* **RECORD EXCERPTS**
::::::::::

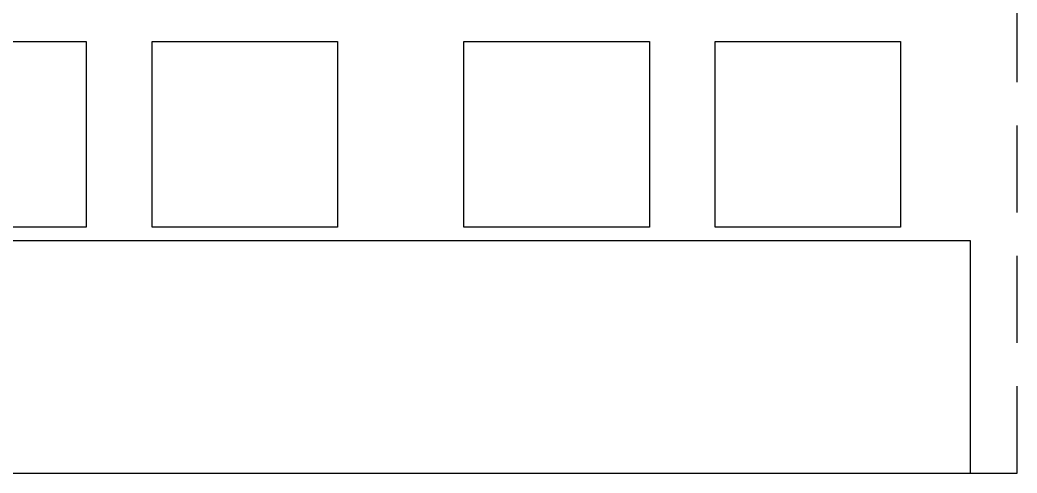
# Model space of a CAD drawing. Header units: centimetres. Extents: x 2289 to 5458, y 2057 to 4688.
# Drawn here: x 3472.6 to 3687.6, y 2845.7 to 2943.5 of the extents above; entities that cross this region are included whole.
import ezdxf

# ---------------------------------------------------------------- set-up
doc = ezdxf.new("R2010")
doc.units = ezdxf.units.CM
doc.header["$LTSCALE"] = 50
doc.linetypes.add('HIDDEN2', pattern=[0.1875, 0.125, -0.0625])
doc.layers.add('BA_mob-sabit', color=120, linetype='Continuous')
doc.layers.add('BA_plan-iz-alt', color=8, linetype='HIDDEN2')

msp = doc.modelspace()

# ---------------------------------------------------------------- linework, layer by layer
at = {"layer": 'BA_mob-sabit'}
for points in [[(3446.87, 2938.82), (3486.87, 2938.82), (3486.87, 2898.82), (3446.87, 2898.82), (3446.87, 2938.82)], [(3501.05, 2938.82), (3541.05, 2938.82), (3541.05, 2898.82), (3501.05, 2898.82), (3501.05, 2938.82)], [(3568.29, 2938.82), (3608.29, 2938.82), (3608.29, 2898.82), (3568.29, 2898.82), (3568.29, 2938.82)], [(3622.47, 2938.82), (3662.47, 2938.82), (3662.47, 2898.82), (3622.47, 2898.82), (3622.47, 2938.82)]]:
    msp.add_lwpolyline(points, dxfattribs=at)
msp.add_lwpolyline([(3677.57, 2895.82), (3067.57, 2895.82), (3067.57, 2845.73), (3677.57, 2845.73)], close=True, dxfattribs=at)
at = {"layer": 'BA_plan-iz-alt', "ltscale": 3}
msp.add_lwpolyline([(3687.57, 2845.73), (3687.57, 3250.73), (3647.57, 3250.73), (3647.57, 3188.73), (3097.57, 3188.73), (3097.57, 3250.73), (3057.57, 3250.73), (3057.57, 2845.73), (3687.57, 2845.73)], dxfattribs=at)

doc.saveas('drawing.dxf')

::::::::::

Every line in the data above that contains the word "color" should be copied.

doc.layers.add('BA_mob-sabit', color=120, linetype='Continuous')
doc.layers.add('BA_plan-iz-alt', color=8, linetype='HIDDEN2')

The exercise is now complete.